Nexadata currently supports tabular data in CSV format and plans to support JSON and Parquet formats soon. This article explains each of these formats, details Nexadata's current capabilities with CSV data, including delimiter options, and provides format samples.
Supported Format: Tabular (CSV)
CSV (Comma-Separated Values) is a tabular format that organizes data into rows and columns, using a consistent delimiter to separate fields within each row. Nexadata specifically supports proper CSV files, meaning files that adhere to certain standard formatting rules to ensure compatibility and data integrity.

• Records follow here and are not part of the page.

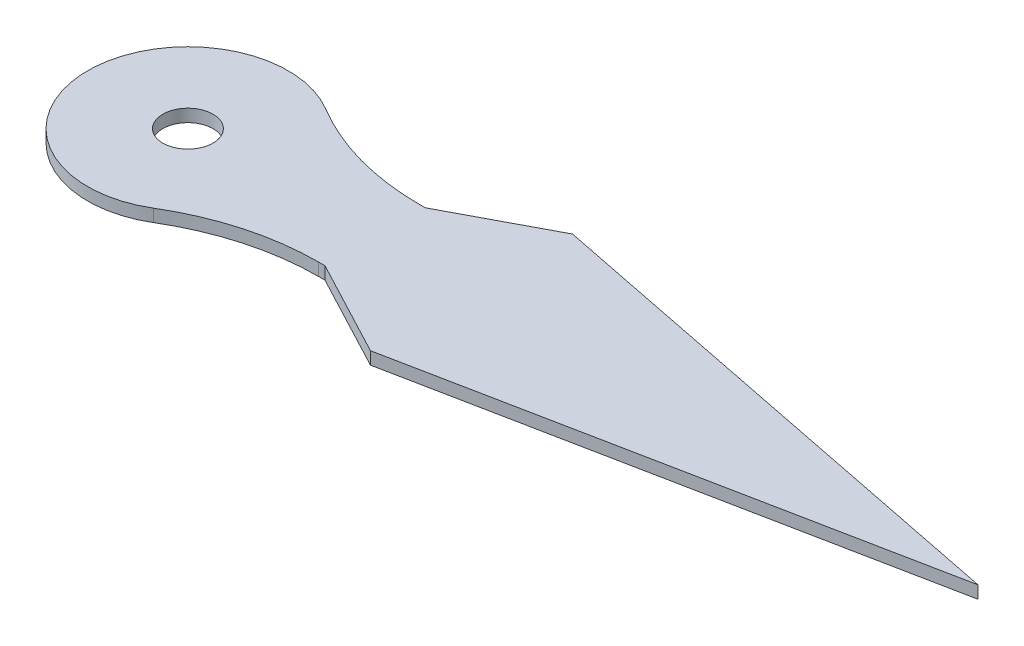
ISO-10303-21;
HEADER;
FILE_DESCRIPTION(('STEP AP214'),'2;1');
FILE_NAME('part.step','',(''),(''),'','','');
FILE_SCHEMA(('AUTOMOTIVE_DESIGN { 1 0 10303 214 1 1 1 1 }'));
ENDSEC;
DATA;
#1=APPLICATION_CONTEXT('core data for automotive mechanical design processes');
#2=APPLICATION_PROTOCOL_DEFINITION('international standard','automotive_design',2000,#1);
#3=PRODUCT_CONTEXT('',#1,'mechanical');
#4=PRODUCT('Part','Part','',(#3));
#5=PRODUCT_RELATED_PRODUCT_CATEGORY('part','',(#4));
#6=PRODUCT_DEFINITION_FORMATION('','',#4);
#7=PRODUCT_DEFINITION_CONTEXT('part definition',#1,'design');
#8=PRODUCT_DEFINITION('design','',#6,#7);
#9=PRODUCT_DEFINITION_SHAPE('','',#8);
#10=(LENGTH_UNIT() NAMED_UNIT(*) SI_UNIT(.MILLI.,.METRE.));
#11=(NAMED_UNIT(*) PLANE_ANGLE_UNIT() SI_UNIT($,.RADIAN.));
#12=(NAMED_UNIT(*) SI_UNIT($,.STERADIAN.) SOLID_ANGLE_UNIT());
#13=UNCERTAINTY_MEASURE_WITH_UNIT(LENGTH_MEASURE(1.E-05),#10,'distance_accuracy_value','');
#14=(GEOMETRIC_REPRESENTATION_CONTEXT(3) GLOBAL_UNCERTAINTY_ASSIGNED_CONTEXT((#13)) GLOBAL_UNIT_ASSIGNED_CONTEXT((#10,
#11,#12)) REPRESENTATION_CONTEXT('',''));
#15=CARTESIAN_POINT('',(0.,0.,0.));
#16=DIRECTION('',(0.,0.,1.));
#17=DIRECTION('',(1.,0.,0.));
#18=AXIS2_PLACEMENT_3D('',#15,#16,#17);
#19=CARTESIAN_POINT('',(0.,0.5,-2.00000000000001));
#20=DIRECTION('',(0.,0.,-1.));
#21=DIRECTION('',(-1.,0.,0.));
#22=AXIS2_PLACEMENT_3D('',#19,#20,#21);
#23=PLANE('',#22);
#24=DIRECTION('',(1.,0.,0.));
#25=VECTOR('',#24,1.);
#26=CARTESIAN_POINT('',(0.,0.,-2.00000000000001));
#27=LINE('',#26,#25);
#28=CARTESIAN_POINT('',(7.21110255092797,0.,-2.));
#29=VERTEX_POINT('',#28);
#30=CARTESIAN_POINT('',(7.46410161513775,0.,-2.));
#31=VERTEX_POINT('',#30);
#32=EDGE_CURVE('E138',#29,#31,#27,.T.);
#33=ORIENTED_EDGE('',*,*,#32,.F.);
#34=DIRECTION('',(0.,-1.,0.));
#35=VECTOR('',#34,1.);
#36=CARTESIAN_POINT('',(7.21110255092797,0.5,-2.));
#37=LINE('',#36,#35);
#38=CARTESIAN_POINT('',(7.21110255092797,0.5,-2.));
#39=VERTEX_POINT('',#38);
#40=EDGE_CURVE('E168',#29,#39,#37,.F.);
#41=ORIENTED_EDGE('',*,*,#40,.T.);
#42=DIRECTION('',(1.,0.,0.));
#43=VECTOR('',#42,1.);
#44=CARTESIAN_POINT('',(0.,0.5,-2.00000000000001));
#45=LINE('',#44,#43);
#46=CARTESIAN_POINT('',(7.46410161513775,0.5,-2.));
#47=VERTEX_POINT('',#46);
#48=EDGE_CURVE('E156',#39,#47,#45,.T.);
#49=ORIENTED_EDGE('',*,*,#48,.T.);
#50=DIRECTION('',(0.,-1.,0.));
#51=VECTOR('',#50,1.);
#52=CARTESIAN_POINT('',(7.46410161513775,0.5,-2.));
#53=LINE('',#52,#51);
#54=EDGE_CURVE('E137',#47,#31,#53,.T.);
#55=ORIENTED_EDGE('',*,*,#54,.T.);
#56=EDGE_LOOP('',(#33,#41,#49,#55));
#57=FACE_BOUND('',#56,.T.);
#58=ADVANCED_FACE('F36',(#57),#23,.T.);
#59=CARTESIAN_POINT('',(0.,0.5,0.));
#60=DIRECTION('',(0.,-1.,0.));
#61=DIRECTION('',(0.,0.,-1.));
#62=AXIS2_PLACEMENT_3D('',#59,#60,#61);
#63=CYLINDRICAL_SURFACE('',#62,4.);
#64=CARTESIAN_POINT('',(0.,0.5,0.));
#65=DIRECTION('',(0.,1.,0.));
#66=DIRECTION('',(0.,0.,1.));
#67=AXIS2_PLACEMENT_3D('',#64,#65,#66);
#68=CIRCLE('',#67,4.);
#69=CARTESIAN_POINT('',(2.06031501455085,0.5,-3.42857142857143));
#70=VERTEX_POINT('',#69);
#71=CARTESIAN_POINT('',(2.06031501455085,0.5,3.42857142857143));
#72=VERTEX_POINT('',#71);
#73=EDGE_CURVE('E111',#70,#72,#68,.T.);
#74=ORIENTED_EDGE('',*,*,#73,.F.);
#75=DIRECTION('',(0.,-1.,0.));
#76=VECTOR('',#75,1.);
#77=CARTESIAN_POINT('',(2.06031501455085,0.5,-3.42857142857143));
#78=LINE('',#77,#76);
#79=CARTESIAN_POINT('',(2.06031501455085,0.,-3.42857142857143));
#80=VERTEX_POINT('',#79);
#81=EDGE_CURVE('E165',#70,#80,#78,.T.);
#82=ORIENTED_EDGE('',*,*,#81,.T.);
#83=CARTESIAN_POINT('',(0.,0.,0.));
#84=DIRECTION('',(0.,1.,0.));
#85=DIRECTION('',(0.,0.,1.));
#86=AXIS2_PLACEMENT_3D('',#83,#84,#85);
#87=CIRCLE('',#86,4.);
#88=CARTESIAN_POINT('',(2.06031501455085,0.,3.42857142857143));
#89=VERTEX_POINT('',#88);
#90=EDGE_CURVE('E140',#80,#89,#87,.T.);
#91=ORIENTED_EDGE('',*,*,#90,.T.);
#92=DIRECTION('',(0.,-1.,0.));
#93=VECTOR('',#92,1.);
#94=CARTESIAN_POINT('',(2.06031501455085,0.5,3.42857142857143));
#95=LINE('',#94,#93);
#96=EDGE_CURVE('E120',#89,#72,#95,.F.);
#97=ORIENTED_EDGE('',*,*,#96,.T.);
#98=EDGE_LOOP('',(#74,#82,#91,#97));
#99=FACE_BOUND('',#98,.T.);
#100=ADVANCED_FACE('F180',(#99),#63,.T.);
#101=CARTESIAN_POINT('',(0.,0.5,2.));
#102=DIRECTION('',(0.,0.,-1.));
#103=DIRECTION('',(-1.,0.,0.));
#104=AXIS2_PLACEMENT_3D('',#101,#102,#103);
#105=PLANE('',#104);
#106=DIRECTION('',(1.,0.,0.));
#107=VECTOR('',#106,1.);
#108=CARTESIAN_POINT('',(0.,0.5,2.));
#109=LINE('',#108,#107);
#110=CARTESIAN_POINT('',(7.21110255092797,0.5,2.));
#111=VERTEX_POINT('',#110);
#112=CARTESIAN_POINT('',(7.46410161513775,0.5,2.00000000000001));
#113=VERTEX_POINT('',#112);
#114=EDGE_CURVE('E103',#111,#113,#109,.T.);
#115=ORIENTED_EDGE('',*,*,#114,.F.);
#116=DIRECTION('',(0.,1.,0.));
#117=VECTOR('',#116,1.);
#118=CARTESIAN_POINT('',(7.21110255092797,0.,2.));
#119=LINE('',#118,#117);
#120=CARTESIAN_POINT('',(7.21110255092797,0.,2.));
#121=VERTEX_POINT('',#120);
#122=EDGE_CURVE('E170',#111,#121,#119,.F.);
#123=ORIENTED_EDGE('',*,*,#122,.T.);
#124=DIRECTION('',(1.,0.,0.));
#125=VECTOR('',#124,1.);
#126=CARTESIAN_POINT('',(0.,0.,2.));
#127=LINE('',#126,#125);
#128=CARTESIAN_POINT('',(7.46410161513775,0.,2.00000000000001));
#129=VERTEX_POINT('',#128);
#130=EDGE_CURVE('E117',#121,#129,#127,.T.);
#131=ORIENTED_EDGE('',*,*,#130,.T.);
#132=DIRECTION('',(0.,-1.,0.));
#133=VECTOR('',#132,1.);
#134=CARTESIAN_POINT('',(7.46410161513775,0.5,2.00000000000001));
#135=LINE('',#134,#133);
#136=EDGE_CURVE('E114',#113,#129,#135,.T.);
#137=ORIENTED_EDGE('',*,*,#136,.F.);
#138=EDGE_LOOP('',(#115,#123,#131,#137));
#139=FACE_BOUND('',#138,.T.);
#140=ADVANCED_FACE('F115',(#139),#105,.F.);
#141=CARTESIAN_POINT('',(0.801892589521018,0.5,-1.51840744270702));
#142=DIRECTION('',(0.46699130377851,0.,-0.884261908144441));
#143=DIRECTION('',(-0.884261908144441,0.,-0.46699130377851));
#144=AXIS2_PLACEMENT_3D('',#141,#142,#143);
#145=PLANE('',#144);
#146=DIRECTION('',(0.884261908144441,0.,0.46699130377851));
#147=VECTOR('',#146,1.);
#148=CARTESIAN_POINT('',(0.801892589521018,0.,-1.51840744270702));
#149=LINE('',#148,#147);
#150=CARTESIAN_POINT('',(11.302617333086,0.,4.02717480328935));
#151=VERTEX_POINT('',#150);
#152=EDGE_CURVE('E145',#129,#151,#149,.T.);
#153=ORIENTED_EDGE('',*,*,#152,.T.);
#154=DIRECTION('',(0.,-1.,0.));
#155=VECTOR('',#154,1.);
#156=CARTESIAN_POINT('',(11.302617333086,0.5,4.02717480328935));
#157=LINE('',#156,#155);
#158=CARTESIAN_POINT('',(11.302617333086,0.5,4.02717480328935));
#159=VERTEX_POINT('',#158);
#160=EDGE_CURVE('E121',#159,#151,#157,.T.);
#161=ORIENTED_EDGE('',*,*,#160,.F.);
#162=DIRECTION('',(0.884261908144441,0.,0.46699130377851));
#163=VECTOR('',#162,1.);
#164=CARTESIAN_POINT('',(0.801892589521018,0.5,-1.51840744270702));
#165=LINE('',#164,#163);
#166=EDGE_CURVE('E108',#113,#159,#165,.T.);
#167=ORIENTED_EDGE('',*,*,#166,.F.);
#168=ORIENTED_EDGE('',*,*,#136,.T.);
#169=EDGE_LOOP('',(#153,#161,#167,#168));
#170=FACE_BOUND('',#169,.T.);
#171=ADVANCED_FACE('F123',(#170),#145,.F.);
#172=CARTESIAN_POINT('',(1.20499180331526,0.5,6.04125300598459));
#173=DIRECTION('',(-0.195607451328278,0.,-0.980682275247623));
#174=DIRECTION('',(-0.980682275247623,0.,0.195607451328278));
#175=AXIS2_PLACEMENT_3D('',#172,#173,#174);
#176=PLANE('',#175);
#177=DIRECTION('',(0.980682275247623,0.,-0.195607451328278));
#178=VECTOR('',#177,1.);
#179=CARTESIAN_POINT('',(1.20499180331526,0.,6.04125300598459));
#180=LINE('',#179,#178);
#181=CARTESIAN_POINT('',(31.4929471088248,0.,0.));
#182=VERTEX_POINT('',#181);
#183=EDGE_CURVE('E147',#151,#182,#180,.T.);
#184=ORIENTED_EDGE('',*,*,#183,.T.);
#185=DIRECTION('',(0.,-1.,0.));
#186=VECTOR('',#185,1.);
#187=CARTESIAN_POINT('',(31.4929471088248,0.5,0.));
#188=LINE('',#187,#186);
#189=CARTESIAN_POINT('',(31.4929471088248,0.5,0.));
#190=VERTEX_POINT('',#189);
#191=EDGE_CURVE('E161',#190,#182,#188,.T.);
#192=ORIENTED_EDGE('',*,*,#191,.F.);
#193=DIRECTION('',(0.980682275247623,0.,-0.195607451328278));
#194=VECTOR('',#193,1.);
#195=CARTESIAN_POINT('',(1.20499180331526,0.5,6.04125300598459));
#196=LINE('',#195,#194);
#197=EDGE_CURVE('E126',#159,#190,#196,.T.);
#198=ORIENTED_EDGE('',*,*,#197,.F.);
#199=ORIENTED_EDGE('',*,*,#160,.T.);
#200=EDGE_LOOP('',(#184,#192,#198,#199));
#201=FACE_BOUND('',#200,.T.);
#202=ADVANCED_FACE('F205',(#201),#176,.F.);
#203=CARTESIAN_POINT('',(1.20499180331526,0.5,-6.04125300598459));
#204=DIRECTION('',(0.195607451328278,0.,-0.980682275247623));
#205=DIRECTION('',(-0.980682275247623,0.,-0.195607451328278));
#206=AXIS2_PLACEMENT_3D('',#203,#204,#205);
#207=PLANE('',#206);
#208=DIRECTION('',(0.980682275247623,0.,0.195607451328278));
#209=VECTOR('',#208,1.);
#210=CARTESIAN_POINT('',(1.20499180331526,0.,-6.04125300598459));
#211=LINE('',#210,#209);
#212=CARTESIAN_POINT('',(11.302617333086,0.,-4.02717480328935));
#213=VERTEX_POINT('',#212);
#214=EDGE_CURVE('E150',#213,#182,#211,.T.);
#215=ORIENTED_EDGE('',*,*,#214,.F.);
#216=DIRECTION('',(0.,-1.,0.));
#217=VECTOR('',#216,1.);
#218=CARTESIAN_POINT('',(11.302617333086,0.5,-4.02717480328935));
#219=LINE('',#218,#217);
#220=CARTESIAN_POINT('',(11.302617333086,0.5,-4.02717480328935));
#221=VERTEX_POINT('',#220);
#222=EDGE_CURVE('E159',#221,#213,#219,.T.);
#223=ORIENTED_EDGE('',*,*,#222,.F.);
#224=DIRECTION('',(0.980682275247623,0.,0.195607451328278));
#225=VECTOR('',#224,1.);
#226=CARTESIAN_POINT('',(1.20499180331526,0.5,-6.04125300598459));
#227=LINE('',#226,#225);
#228=EDGE_CURVE('E128',#221,#190,#227,.T.);
#229=ORIENTED_EDGE('',*,*,#228,.T.);
#230=ORIENTED_EDGE('',*,*,#191,.T.);
#231=EDGE_LOOP('',(#215,#223,#229,#230));
#232=FACE_BOUND('',#231,.T.);
#233=ADVANCED_FACE('F208',(#232),#207,.T.);
#234=CARTESIAN_POINT('',(0.801892589521018,0.5,1.51840744270702));
#235=DIRECTION('',(-0.46699130377851,0.,-0.884261908144441));
#236=DIRECTION('',(-0.884261908144441,0.,0.46699130377851));
#237=AXIS2_PLACEMENT_3D('',#234,#235,#236);
#238=PLANE('',#237);
#239=DIRECTION('',(0.884261908144441,0.,-0.46699130377851));
#240=VECTOR('',#239,1.);
#241=CARTESIAN_POINT('',(0.801892589521018,0.,1.51840744270702));
#242=LINE('',#241,#240);
#243=EDGE_CURVE('E153',#31,#213,#242,.T.);
#244=ORIENTED_EDGE('',*,*,#243,.F.);
#245=ORIENTED_EDGE('',*,*,#54,.F.);
#246=DIRECTION('',(0.884261908144441,0.,-0.46699130377851));
#247=VECTOR('',#246,1.);
#248=CARTESIAN_POINT('',(0.801892589521018,0.5,1.51840744270702));
#249=LINE('',#248,#247);
#250=EDGE_CURVE('E134',#47,#221,#249,.T.);
#251=ORIENTED_EDGE('',*,*,#250,.T.);
#252=ORIENTED_EDGE('',*,*,#222,.T.);
#253=EDGE_LOOP('',(#244,#245,#251,#252));
#254=FACE_BOUND('',#253,.T.);
#255=ADVANCED_FACE('F212',(#254),#238,.T.);
#256=CARTESIAN_POINT('',(0.,0.5,0.));
#257=DIRECTION('',(0.,1.,0.));
#258=DIRECTION('',(0.,0.,1.));
#259=AXIS2_PLACEMENT_3D('',#256,#257,#258);
#260=PLANE('',#259);
#261=CARTESIAN_POINT('',(0.,0.5,0.));
#262=DIRECTION('',(0.,1.,0.));
#263=DIRECTION('',(0.,0.,1.));
#264=AXIS2_PLACEMENT_3D('',#261,#262,#263);
#265=CIRCLE('',#264,1.);
#266=CARTESIAN_POINT('',(0.,0.5,1.));
#267=VERTEX_POINT('',#266);
#268=EDGE_CURVE('E226',#267,#267,#265,.T.);
#269=ORIENTED_EDGE('',*,*,#268,.F.);
#270=EDGE_LOOP('',(#269));
#271=FACE_BOUND('',#270,.T.);
#272=ORIENTED_EDGE('',*,*,#48,.F.);
#273=CARTESIAN_POINT('',(7.21110255092797,0.5,-12.));
#274=DIRECTION('',(0.,1.,0.));
#275=DIRECTION('',(0.,0.,1.));
#276=AXIS2_PLACEMENT_3D('',#273,#274,#275);
#277=CIRCLE('',#276,10.);
#278=EDGE_CURVE('E174',#39,#70,#277,.F.);
#279=ORIENTED_EDGE('',*,*,#278,.T.);
#280=ORIENTED_EDGE('',*,*,#73,.T.);
#281=CARTESIAN_POINT('',(7.21110255092797,0.5,12.));
#282=DIRECTION('',(0.,1.,0.));
#283=DIRECTION('',(0.,0.,1.));
#284=AXIS2_PLACEMENT_3D('',#281,#282,#283);
#285=CIRCLE('',#284,10.);
#286=EDGE_CURVE('E11',#72,#111,#285,.F.);
#287=ORIENTED_EDGE('',*,*,#286,.T.);
#288=ORIENTED_EDGE('',*,*,#114,.T.);
#289=ORIENTED_EDGE('',*,*,#166,.T.);
#290=ORIENTED_EDGE('',*,*,#197,.T.);
#291=ORIENTED_EDGE('',*,*,#228,.F.);
#292=ORIENTED_EDGE('',*,*,#250,.F.);
#293=EDGE_LOOP('',(#272,#279,#280,#287,#288,#289,#290,#291,#292));
#294=FACE_BOUND('',#293,.T.);
#295=ADVANCED_FACE('F106',(#271,#294),#260,.T.);
#296=CARTESIAN_POINT('',(0.,0.,0.));
#297=DIRECTION('',(0.,1.,0.));
#298=DIRECTION('',(0.,0.,1.));
#299=AXIS2_PLACEMENT_3D('',#296,#297,#298);
#300=PLANE('',#299);
#301=CARTESIAN_POINT('',(0.,0.,0.));
#302=DIRECTION('',(0.,1.,0.));
#303=DIRECTION('',(0.,0.,1.));
#304=AXIS2_PLACEMENT_3D('',#301,#302,#303);
#305=CIRCLE('',#304,1.);
#306=CARTESIAN_POINT('',(0.,0.,1.));
#307=VERTEX_POINT('',#306);
#308=EDGE_CURVE('E141',#307,#307,#305,.T.);
#309=ORIENTED_EDGE('',*,*,#308,.T.);
#310=EDGE_LOOP('',(#309));
#311=FACE_BOUND('',#310,.T.);
#312=ORIENTED_EDGE('',*,*,#90,.F.);
#313=CARTESIAN_POINT('',(7.21110255092797,0.,-12.));
#314=DIRECTION('',(0.,1.,0.));
#315=DIRECTION('',(0.,0.,1.));
#316=AXIS2_PLACEMENT_3D('',#313,#314,#315);
#317=CIRCLE('',#316,10.);
#318=EDGE_CURVE('E172',#80,#29,#317,.T.);
#319=ORIENTED_EDGE('',*,*,#318,.T.);
#320=ORIENTED_EDGE('',*,*,#32,.T.);
#321=ORIENTED_EDGE('',*,*,#243,.T.);
#322=ORIENTED_EDGE('',*,*,#214,.T.);
#323=ORIENTED_EDGE('',*,*,#183,.F.);
#324=ORIENTED_EDGE('',*,*,#152,.F.);
#325=ORIENTED_EDGE('',*,*,#130,.F.);
#326=CARTESIAN_POINT('',(7.21110255092797,0.,12.));
#327=DIRECTION('',(0.,1.,0.));
#328=DIRECTION('',(0.,0.,1.));
#329=AXIS2_PLACEMENT_3D('',#326,#327,#328);
#330=CIRCLE('',#329,10.);
#331=EDGE_CURVE('E44',#121,#89,#330,.T.);
#332=ORIENTED_EDGE('',*,*,#331,.T.);
#333=EDGE_LOOP('',(#312,#319,#320,#321,#322,#323,#324,#325,#332));
#334=FACE_BOUND('',#333,.T.);
#335=ADVANCED_FACE('F177',(#311,#334),#300,.F.);
#336=CARTESIAN_POINT('',(7.21110255092797,0.5,-12.));
#337=DIRECTION('',(0.,-1.,0.));
#338=DIRECTION('',(0.,0.,-1.));
#339=AXIS2_PLACEMENT_3D('',#336,#337,#338);
#340=CYLINDRICAL_SURFACE('',#339,10.);
#341=ORIENTED_EDGE('',*,*,#278,.F.);
#342=ORIENTED_EDGE('',*,*,#40,.F.);
#343=ORIENTED_EDGE('',*,*,#318,.F.);
#344=ORIENTED_EDGE('',*,*,#81,.F.);
#345=EDGE_LOOP('',(#341,#342,#343,#344));
#346=FACE_BOUND('',#345,.T.);
#347=ADVANCED_FACE('F184',(#346),#340,.F.);
#348=CARTESIAN_POINT('',(7.21110255092797,0.5,12.));
#349=DIRECTION('',(0.,-1.,0.));
#350=DIRECTION('',(0.,0.,-1.));
#351=AXIS2_PLACEMENT_3D('',#348,#349,#350);
#352=CYLINDRICAL_SURFACE('',#351,10.);
#353=ORIENTED_EDGE('',*,*,#286,.F.);
#354=ORIENTED_EDGE('',*,*,#96,.F.);
#355=ORIENTED_EDGE('',*,*,#331,.F.);
#356=ORIENTED_EDGE('',*,*,#122,.F.);
#357=EDGE_LOOP('',(#353,#354,#355,#356));
#358=FACE_BOUND('',#357,.T.);
#359=ADVANCED_FACE('F38',(#358),#352,.F.);
#360=CARTESIAN_POINT('',(0.,0.,0.));
#361=DIRECTION('',(0.,1.,0.));
#362=DIRECTION('',(0.,0.,1.));
#363=AXIS2_PLACEMENT_3D('',#360,#361,#362);
#364=CYLINDRICAL_SURFACE('',#363,1.);
#365=ORIENTED_EDGE('',*,*,#308,.F.);
#366=EDGE_LOOP('',(#365));
#367=FACE_BOUND('',#366,.T.);
#368=ORIENTED_EDGE('',*,*,#268,.T.);
#369=EDGE_LOOP('',(#368));
#370=FACE_BOUND('',#369,.T.);
#371=ADVANCED_FACE('F183',(#367,#370),#364,.F.);
#372=CLOSED_SHELL('',(#58,#100,#140,#171,#202,#233,#255,#295,#335,#347,#359,#371));
#373=MANIFOLD_SOLID_BREP('B2',#372);
#374=ADVANCED_BREP_SHAPE_REPRESENTATION('',(#18,#373),#14);
#375=SHAPE_DEFINITION_REPRESENTATION(#9,#374);
ENDSEC;
END-ISO-10303-21;

A proper CSV file includes:
Consistent Delimiters: Each field in a row is separated by a consistent delimiter (comma, tab, or semicolon in Nexadata).
Quoted Strings: If a field contains the delimiter character itself, that field should be enclosed in double-quotes.
No Extraneous Characters: Proper CSV files do not include extraneous characters or line breaks within records unless handled correctly with quotes.
Nexadata's CSV Delimiter Options
Nexadata supports the following delimiters in CSV files:
Comma ( , )
Tab
Semicolon ( ; )
Note: Additional delimiter options are planned for future updates.
Example of Proper CSV Format
With a comma delimiter:
Name,Age,City
"John Doe",29,"New York"
"Jane Smith",34,"Los Angeles"
Coming Soon: JSON
JSON (JavaScript Object Notation) is a flexible, lightweight format for representing structured data. JSON data is organized into key-value pairs and can handle nested structures, making it ideal for complex data configurations.
Benefits of JSON:
Human-readable and easy to interpret
Supports nested structures for complex data
Example JSON Format
[
{
"Name": "John Doe",
"Age": 29,
"City": "New York"
},
{
"Name": "Jane Smith",
"Age": 34,
"City": "Los Angeles"
}
]
JSON format support in Nexadata is currently under development and will be available soon.
Coming Soon: Parquet
Parquet is a columnar storage format optimized for large-scale data processing. It is widely used in data lakes and big data platforms due to its efficient storage, particularly for complex data types.
Benefits of Parquet:
Highly compressed, leading to lower storage costs
Optimized for analytical workloads and large datasets
Example Parquet Format
While Parquet is a binary format and not typically human-readable, its structure can be described as follows:
Name | Age | City |
John Doe | 29 | New York |
Jane Smith | 34 | Los Angeles |
Parquet format support in Nexadata is also in progress and will be available in a future release.